Now, based on successful initial laboratory test results, NIAID has sought patent protection on the concept, and Dr. Caldwell’s research group has begun to study animal models. But much work remains to be done to understand how C. trachomatis spreads and evades human immunity.

Deconstructing PmpD

Dr. Caldwell’s group is trying to confirm that the protein antigen he identified, known as polymorphic membrane protein D, or PmpD, has an active role in suppressing an immune response. That information could become the basis for a multivalent vaccine, or a vaccine that prevents infection from all 15 varieties of C. trachomatis. If PmpD indeed suppresses host immunity, then a vaccine that neutralizes PmpD could prevent infection and allow protective immunity to develop.

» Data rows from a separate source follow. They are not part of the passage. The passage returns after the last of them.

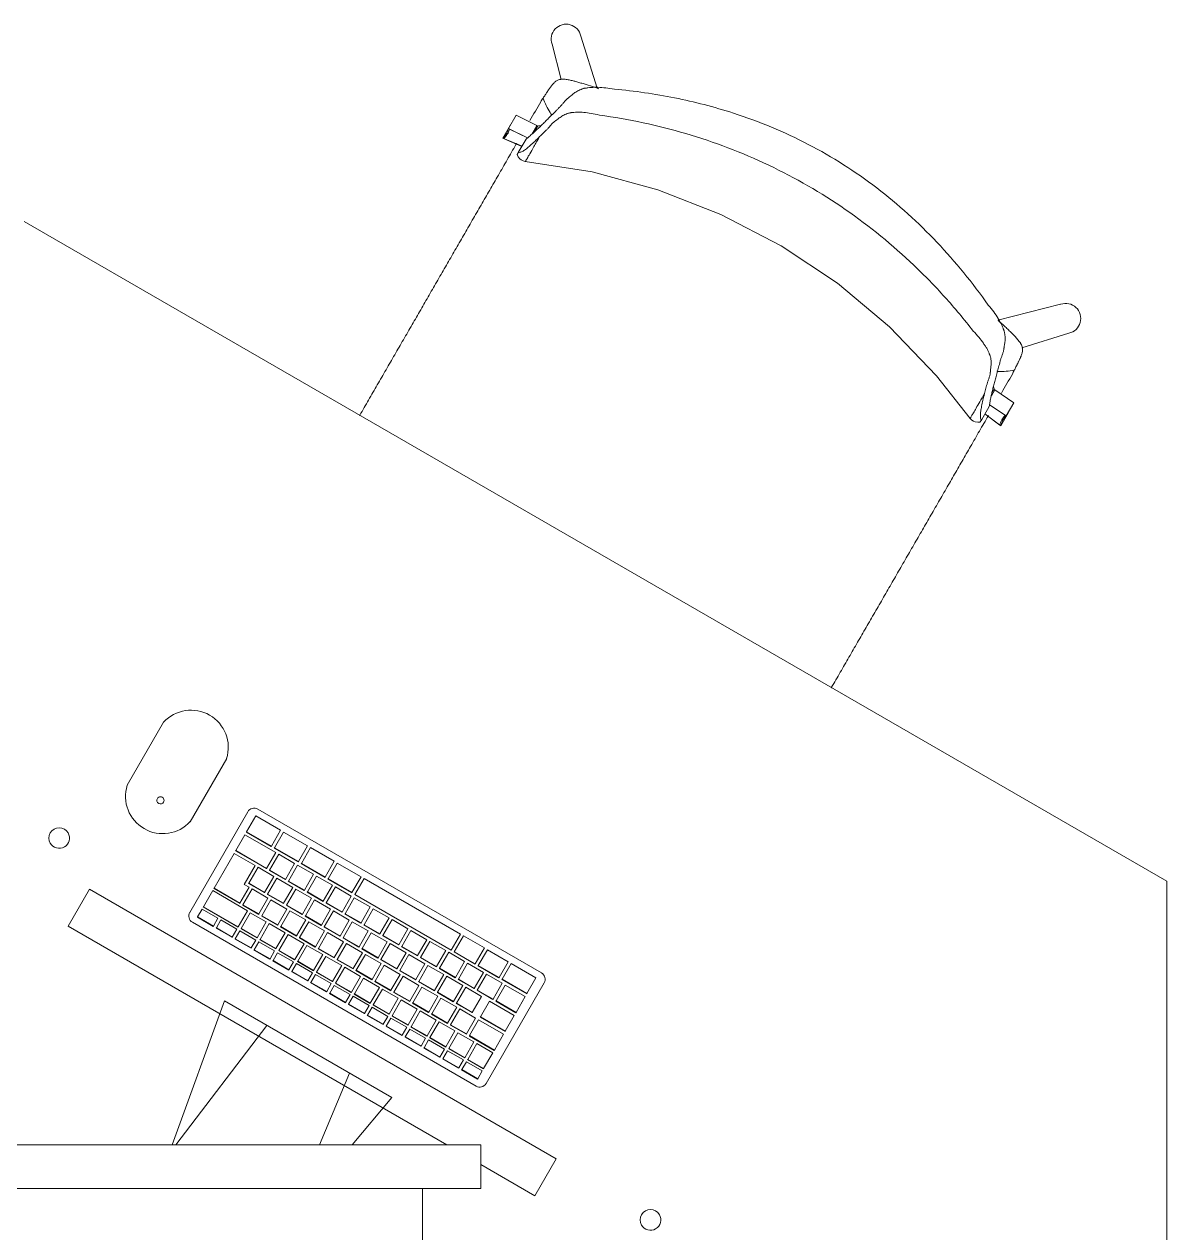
# Model space of a CAD drawing. Header units: millimetres. Extents: x 79795 to 317870, y -36033 to 97293.
# Drawn here: x 204998 to 205994, y 23062 to 24115 of the extents above; entities that cross this region are included whole.
import ezdxf

# ---------------------------------------------------------------- set-up
doc = ezdxf.new("R2010")
doc.units = ezdxf.units.MM
doc.header["$MEASUREMENT"] = 0
for name, color, linetype, lineweight in [('A-GENM', 8, 'CONTINUOUS', 9), ('E-ELEC-EQPM', 8, 'CONTINUOUS', 9), ('I-FURN', 8, 'CONTINUOUS', 9)]:
    doc.layers.add(name, color=color, linetype=linetype, lineweight=lineweight)

msp = doc.modelspace()

# ---------------------------------------------------------------- linework, layer by layer
at = {"layer": 'A-GENM'}
for p, q in [((205119.4, 23506.8), (205087.6, 23451.8)), ((205142.6, 23420), (205174.4, 23475)), ((205192.8, 23428.7), (205142.2, 23341)), ((205199.8, 23425), (205191.8, 23411.2)), ((205221.4, 23412.5), (205199.8, 23425)), ((205448.7, 23288.2), (205201.5, 23431)), ((205191.7, 23411), (205191.8, 23411.2)), ((205213.3, 23398.5), (205191.7, 23411)), ((205191.8, 23411.2), (205213.5, 23398.7)), ((205213.5, 23398.7), (205221.4, 23412.5)), ((205224, 23411), (205216.1, 23397.2)), ((205244.8, 23399), (205224, 23411)), ((205190.3, 23408.7), (205182.4, 23394.8)), ((205217.2, 23393.2), (205190.3, 23408.7)), ((205180.9, 23392.3), (205163.4, 23362.1)), ((205199.1, 23381.8), (205180.9, 23392.3)), ((205182.2, 23394.6), (205182.4, 23394.8)), ((205209.1, 23379.1), (205182.2, 23394.6)), ((205182.4, 23394.8), (205209.2, 23379.3)), ((205209.2, 23379.3), (205217.2, 23393.2)), ((205219.8, 23391.7), (205211.8, 23377.8)), ((205213.3, 23398.5), (205213.5, 23398.7)), ((205215.9, 23397), (205216.1, 23397.2)), ((205236.7, 23385), (205215.9, 23397)), ((205216.1, 23397.2), (205236.9, 23385.2)), ((205233.6, 23383.7), (205219.8, 23391.7)), ((205236.9, 23385.2), (205244.8, 23399)), ((205247.4, 23397.5), (205239.5, 23383.7)), ((205268.2, 23385.5), (205247.4, 23397.5)), ((205189.6, 23365.4), (205199.1, 23381.8)), ((205201.7, 23380.3), (205193.7, 23366.4)), ((205215.5, 23372.3), (205201.7, 23380.3)), ((205209.1, 23379.1), (205209.2, 23379.3)), ((205225.7, 23369.8), (205233.6, 23383.7)), ((205236.2, 23382.2), (205228.3, 23368.3)), ((205250.1, 23374.2), (205236.2, 23382.2)), ((205236.7, 23385), (205236.9, 23385.2)), ((205239.3, 23383.5), (205239.5, 23383.7)), ((205260.1, 23371.5), (205239.3, 23383.5)), ((205239.5, 23383.7), (205260.2, 23371.7)), ((205260.2, 23371.7), (205268.2, 23385.5)), ((205270.8, 23384), (205262.8, 23370.2)), ((205291.6, 23372), (205270.8, 23384)), ((205207.5, 23358.4), (205215.5, 23372.3)), ((205218.1, 23370.8), (205210.1, 23356.9)), ((205211.7, 23377.6), (205211.8, 23377.8)), ((205225.5, 23369.6), (205211.7, 23377.6)), ((205211.8, 23377.8), (205225.7, 23369.8)), ((205232, 23362.8), (205218.1, 23370.8)), ((205225.5, 23369.6), (205225.7, 23369.8)), ((205228.1, 23368.1), (205228.3, 23368.3)), ((205242, 23360.1), (205228.1, 23368.1)), ((205228.3, 23368.3), (205242.1, 23360.3)), ((205242.1, 23360.3), (205250.1, 23374.2)), ((205252.7, 23372.7), (205244.7, 23358.8)), ((205266.6, 23364.7), (205252.7, 23372.7)), ((205260.1, 23371.5), (205260.2, 23371.7)), ((205262.7, 23370), (205262.8, 23370.2)), ((205283.5, 23358), (205262.7, 23370)), ((205262.8, 23370.2), (205283.6, 23358.2)), ((205283.6, 23358.2), (205291.6, 23372)), ((205294.2, 23370.5), (205286.2, 23356.7)), ((205378.2, 23322), (205294.2, 23370.5)), ((205162.2, 23360), (205154.1, 23345.9)), ((205192.5, 23342.5), (205162.2, 23360)), ((205163.3, 23361.8), (205163.4, 23362.1)), ((205185.8, 23348.8), (205163.3, 23361.8)), ((205163.4, 23362.1), (205186, 23349.1)), ((205186, 23349.1), (205193.9, 23362.9)), ((205196.5, 23361.4), (205188.6, 23347.6)), ((205193.9, 23362.9), (205189.6, 23365.4)), ((205193.5, 23366.2), (205193.7, 23366.4)), ((205207.4, 23358.2), (205193.5, 23366.2)), ((205193.7, 23366.4), (205207.5, 23358.4)), ((205210.4, 23353.4), (205196.5, 23361.4)), ((205207.4, 23358.2), (205207.5, 23358.4)), ((205224, 23348.9), (205232, 23362.8)), ((205234.6, 23361.3), (205226.6, 23347.4)), ((205248.4, 23353.3), (205234.6, 23361.3)), ((205242, 23360.1), (205242.1, 23360.3)), ((205244.6, 23358.6), (205244.7, 23358.8)), ((205258.4, 23350.6), (205244.6, 23358.6)), ((205244.7, 23358.8), (205258.6, 23350.8)), ((205258.6, 23350.8), (205266.6, 23364.7)), ((205269.2, 23363.2), (205261.2, 23349.3)), ((205283, 23355.2), (205269.2, 23363.2)), ((205283.5, 23358), (205283.6, 23358.2)), ((205185.8, 23348.8), (205186, 23349.1)), ((205188.4, 23347.3), (205188.6, 23347.6)), ((205202.3, 23339.3), (205188.4, 23347.3)), ((205188.6, 23347.6), (205202.4, 23339.6)), ((205202.4, 23339.6), (205210.4, 23353.4)), ((205213, 23351.9), (205205, 23338.1)), ((205210, 23356.7), (205210.1, 23356.9)), ((205223.9, 23348.7), (205210, 23356.7)), ((205210.1, 23356.9), (205224, 23348.9)), ((205226.8, 23343.9), (205213, 23351.9)), ((205223.9, 23348.7), (205224, 23348.9)), ((205226.5, 23347.2), (205226.6, 23347.4)), ((205240.3, 23339.2), (205226.5, 23347.2)), ((205226.6, 23347.4), (205240.5, 23339.4)), ((205240.5, 23339.4), (205248.4, 23353.3)), ((205251, 23351.8), (205243, 23337.9)), ((205264.9, 23343.8), (205251, 23351.8)), ((205258.4, 23350.6), (205258.6, 23350.8)), ((205261, 23349.1), (205261.2, 23349.3)), ((205274.9, 23341.1), (205261, 23349.1)), ((205261.2, 23349.3), (205275, 23341.3)), ((205275, 23341.3), (205283, 23355.2)), ((205285.6, 23353.7), (205277.6, 23339.8)), ((205299.5, 23345.7), (205285.6, 23353.7)), ((205286.1, 23356.5), (205286.2, 23356.7)), ((205370.1, 23308), (205286.1, 23356.5)), ((205286.2, 23356.7), (205370.2, 23308.2)), ((205148.9, 23336.8), (205149, 23337)), ((205162.7, 23328.8), (205148.9, 23336.8)), ((205153, 23343.9), (205149, 23337)), ((205149, 23337), (205162.8, 23329)), ((205166.8, 23335.9), (205153, 23343.9)), ((205154, 23345.7), (205154.1, 23345.9)), ((205184.3, 23328.2), (205154, 23345.7)), ((205154.1, 23345.9), (205184.4, 23328.4)), ((205184.4, 23328.4), (205192.5, 23342.5)), ((205195, 23340.7), (205187, 23326.9)), ((205208.9, 23332.7), (205195, 23340.7)), ((205202.3, 23339.3), (205202.4, 23339.6)), ((205204.9, 23337.8), (205205, 23338.1)), ((205218.7, 23329.8), (205204.9, 23337.8)), ((205205, 23338.1), (205218.9, 23330.1)), ((205218.9, 23330.1), (205226.8, 23343.9)), ((205229.4, 23342.4), (205221.5, 23328.6)), ((205243.3, 23334.4), (205229.4, 23342.4)), ((205240.3, 23339.2), (205240.5, 23339.4)), ((205242.9, 23337.7), (205243, 23337.9)), ((205256.8, 23329.7), (205242.9, 23337.7)), ((205243, 23337.9), (205256.9, 23329.9)), ((205256.9, 23329.9), (205264.9, 23343.8)), ((205267.5, 23342.3), (205259.5, 23328.4)), ((205281.3, 23334.3), (205267.5, 23342.3)), ((205274.9, 23341.1), (205275, 23341.3)), ((205277.5, 23339.6), (205277.6, 23339.8)), ((205291.3, 23331.6), (205277.5, 23339.6)), ((205277.6, 23339.8), (205291.5, 23331.8)), ((205291.5, 23331.8), (205299.5, 23345.7)), ((205302.1, 23344.2), (205294.1, 23330.3)), ((205315.9, 23336.2), (205302.1, 23344.2)), ((205144.5, 23332.4), (205391.8, 23189.6)), ((205162.7, 23328.8), (205162.8, 23329)), ((205162.8, 23329), (205166.8, 23335.9)), ((205165.3, 23327.3), (205165.4, 23327.5)), ((205179.2, 23319.3), (205165.3, 23327.3)), ((205169.4, 23334.4), (205165.4, 23327.5)), ((205165.4, 23327.5), (205179.3, 23319.5)), ((205183.3, 23326.4), (205169.4, 23334.4)), ((205179.3, 23319.5), (205183.3, 23326.4)), ((205184.3, 23328.2), (205184.4, 23328.4)), ((205186.9, 23326.7), (205187, 23326.9)), ((205200.7, 23318.7), (205186.9, 23326.7)), ((205187, 23326.9), (205200.9, 23318.9)), ((205200.9, 23318.9), (205208.9, 23332.7)), ((205211.5, 23331.2), (205203.5, 23317.4)), ((205225.3, 23323.2), (205211.5, 23331.2)), ((205218.7, 23329.8), (205218.9, 23330.1)), ((205221.3, 23328.3), (205221.5, 23328.6)), ((205235.2, 23320.3), (205221.3, 23328.3)), ((205221.5, 23328.6), (205235.3, 23320.6)), ((205235.3, 23320.6), (205243.3, 23334.4)), ((205245.9, 23332.9), (205237.9, 23319.1)), ((205259.8, 23324.9), (205245.9, 23332.9)), ((205256.8, 23329.7), (205256.9, 23329.9)), ((205259.4, 23328.2), (205259.5, 23328.4)), ((205273.2, 23320.2), (205259.4, 23328.2)), ((205259.5, 23328.4), (205273.4, 23320.4)), ((205273.4, 23320.4), (205281.3, 23334.3)), ((205283.9, 23332.8), (205276, 23318.9)), ((205297.8, 23324.8), (205283.9, 23332.8)), ((205291.3, 23331.6), (205291.5, 23331.8)), ((205293.9, 23330.1), (205294.1, 23330.3)), ((205307.8, 23322.1), (205293.9, 23330.1)), ((205294.1, 23330.3), (205307.9, 23322.3)), ((205307.9, 23322.3), (205315.9, 23336.2)), ((205318.5, 23334.7), (205310.5, 23320.8)), ((205332.4, 23326.7), (205318.5, 23334.7)), ((205324.4, 23312.8), (205332.4, 23326.7)), ((205179.2, 23319.3), (205179.3, 23319.5)), ((205181.8, 23317.8), (205181.9, 23318)), ((205195.6, 23309.8), (205181.8, 23317.8)), ((205185.9, 23324.9), (205181.9, 23318)), ((205181.9, 23318), (205195.8, 23310)), ((205199.7, 23316.9), (205185.9, 23324.9)), ((205195.8, 23310), (205199.7, 23316.9)), ((205202.3, 23315.4), (205198.4, 23308.5)), ((205200.7, 23318.7), (205200.9, 23318.9)), ((205216.2, 23307.4), (205202.3, 23315.4)), ((205203.3, 23317.2), (205203.5, 23317.4)), ((205217.2, 23309.2), (205203.3, 23317.2)), ((205203.5, 23317.4), (205217.3, 23309.4)), ((205217.3, 23309.4), (205225.3, 23323.2)), ((205227.9, 23321.7), (205219.9, 23307.9)), ((205241.8, 23313.7), (205227.9, 23321.7)), ((205235.2, 23320.3), (205235.3, 23320.6)), ((205237.8, 23318.8), (205237.9, 23319.1)), ((205251.6, 23310.8), (205237.8, 23318.8)), ((205237.9, 23319.1), (205251.8, 23311.1)), ((205251.8, 23311.1), (205259.8, 23324.9)), ((205262.4, 23323.4), (205254.4, 23309.6)), ((205276.2, 23315.4), (205262.4, 23323.4)), ((205268.2, 23301.6), (205276.2, 23315.4)), ((205273.2, 23320.2), (205273.4, 23320.4)), ((205275.8, 23318.7), (205276, 23318.9)), ((205289.7, 23310.7), (205275.8, 23318.7)), ((205276, 23318.9), (205289.8, 23310.9)), ((205289.8, 23310.9), (205297.8, 23324.8)), ((205300.4, 23323.3), (205292.4, 23309.4)), ((205314.2, 23315.3), (205300.4, 23323.3)), ((205307.8, 23322.1), (205307.9, 23322.3)), ((205310.4, 23320.6), (205310.5, 23320.8)), ((205324.3, 23312.6), (205310.4, 23320.6)), ((205310.5, 23320.8), (205324.4, 23312.8)), ((205335, 23325.2), (205327, 23311.3)), ((205348.8, 23317.2), (205335, 23325.2)), ((205340.8, 23303.3), (205348.8, 23317.2)), ((205351.4, 23315.7), (205343.4, 23301.8)), ((205365.3, 23307.7), (205351.4, 23315.7)), ((205370.2, 23308.2), (205378.2, 23322)), ((205380.8, 23320.5), (205372.8, 23306.7)), ((205399, 23310), (205380.8, 23320.5)), ((205195.6, 23309.8), (205195.8, 23310)), ((205198.2, 23308.3), (205198.4, 23308.5)), ((205212.1, 23300.3), (205198.2, 23308.3)), ((205198.4, 23308.5), (205212.2, 23300.5)), ((205212.2, 23300.5), (205216.2, 23307.4)), ((205218.8, 23305.9), (205214.8, 23299)), ((205217.2, 23309.2), (205217.3, 23309.4)), ((205232.7, 23297.9), (205218.8, 23305.9)), ((205219.8, 23307.7), (205219.9, 23307.9)), ((205233.6, 23299.7), (205219.8, 23307.7)), ((205219.9, 23307.9), (205233.8, 23299.9)), ((205233.8, 23299.9), (205241.8, 23313.7)), ((205244.4, 23312.2), (205236.4, 23298.4)), ((205258.2, 23304.2), (205244.4, 23312.2)), ((205251.6, 23310.8), (205251.8, 23311.1)), ((205254.2, 23309.3), (205254.4, 23309.6)), ((205268.1, 23301.3), (205254.2, 23309.3)), ((205254.4, 23309.6), (205268.2, 23301.6)), ((205278.8, 23313.9), (205270.8, 23300.1)), ((205292.7, 23305.9), (205278.8, 23313.9)), ((205284.7, 23292.1), (205292.7, 23305.9)), ((205289.7, 23310.7), (205289.8, 23310.9)), ((205292.3, 23309.2), (205292.4, 23309.4)), ((205306.1, 23301.2), (205292.3, 23309.2)), ((205292.4, 23309.4), (205306.3, 23301.4)), ((205306.3, 23301.4), (205314.2, 23315.3)), ((205316.8, 23313.8), (205308.9, 23299.9)), ((205330.7, 23305.8), (205316.8, 23313.8)), ((205322.7, 23291.9), (205330.7, 23305.8)), ((205324.3, 23312.6), (205324.4, 23312.8)), ((205326.9, 23311.1), (205327, 23311.3)), ((205340.7, 23303.1), (205326.9, 23311.1)), ((205327, 23311.3), (205340.8, 23303.3)), ((205357.3, 23293.8), (205365.3, 23307.7)), ((205367.9, 23306.2), (205359.9, 23292.3)), ((205381.7, 23298.2), (205367.9, 23306.2)), ((205370.1, 23308), (205370.2, 23308.2)), ((205372.7, 23306.5), (205372.8, 23306.7)), ((205390.9, 23296), (205372.7, 23306.5)), ((205372.8, 23306.7), (205391, 23296.2)), ((205391, 23296.2), (205399, 23310)), ((205401.6, 23308.5), (205393.6, 23294.7)), ((205419.8, 23298), (205401.6, 23308.5)), ((205212.1, 23300.3), (205212.2, 23300.5)), ((205214.7, 23298.8), (205214.8, 23299)), ((205228.5, 23290.8), (205214.7, 23298.8)), ((205214.8, 23299), (205228.7, 23291)), ((205228.7, 23291), (205232.7, 23297.9)), ((205235.3, 23296.4), (205231.3, 23289.5)), ((205233.6, 23299.7), (205233.8, 23299.9)), ((205249.1, 23288.4), (205235.3, 23296.4)), ((205236.2, 23298.2), (205236.4, 23298.4)), ((205250.1, 23290.2), (205236.2, 23298.2)), ((205236.4, 23298.4), (205250.2, 23290.4)), ((205250.2, 23290.4), (205258.2, 23304.2)), ((205260.8, 23302.7), (205252.8, 23288.9)), ((205274.7, 23294.7), (205260.8, 23302.7)), ((205266.7, 23280.9), (205274.7, 23294.7)), ((205268.1, 23301.3), (205268.2, 23301.6)), ((205270.7, 23299.8), (205270.8, 23300.1)), ((205284.5, 23291.8), (205270.7, 23299.8)), ((205270.8, 23300.1), (205284.7, 23292.1)), ((205295.3, 23304.4), (205287.3, 23290.6)), ((205309.1, 23296.4), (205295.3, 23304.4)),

In its latest work, published online November 10, 2008, in Infection and Immunity, the group observed structural details of PmpD, showing that it exists in two forms that could each promote infection. Though they do not know the precise mechanisms involved, the scientists hypothesize that one form, found on the cell surface, is a flower-like structure that could help the bacteria attach to host cells and invade them. The other form is soluble; the scientists suggest its fragments could be released into the environment around a cell, where they act on and suppress cells involved in the immune response.
Understanding how these forms of PmpD function is critical to the design of a vaccine. Ultimately, as their work advances, Dr. Caldwell’s group will be trying to learn whether a PmpD-based vaccine can generate multi-functional, neutralizing antibodies that can block C. trachomatis infection.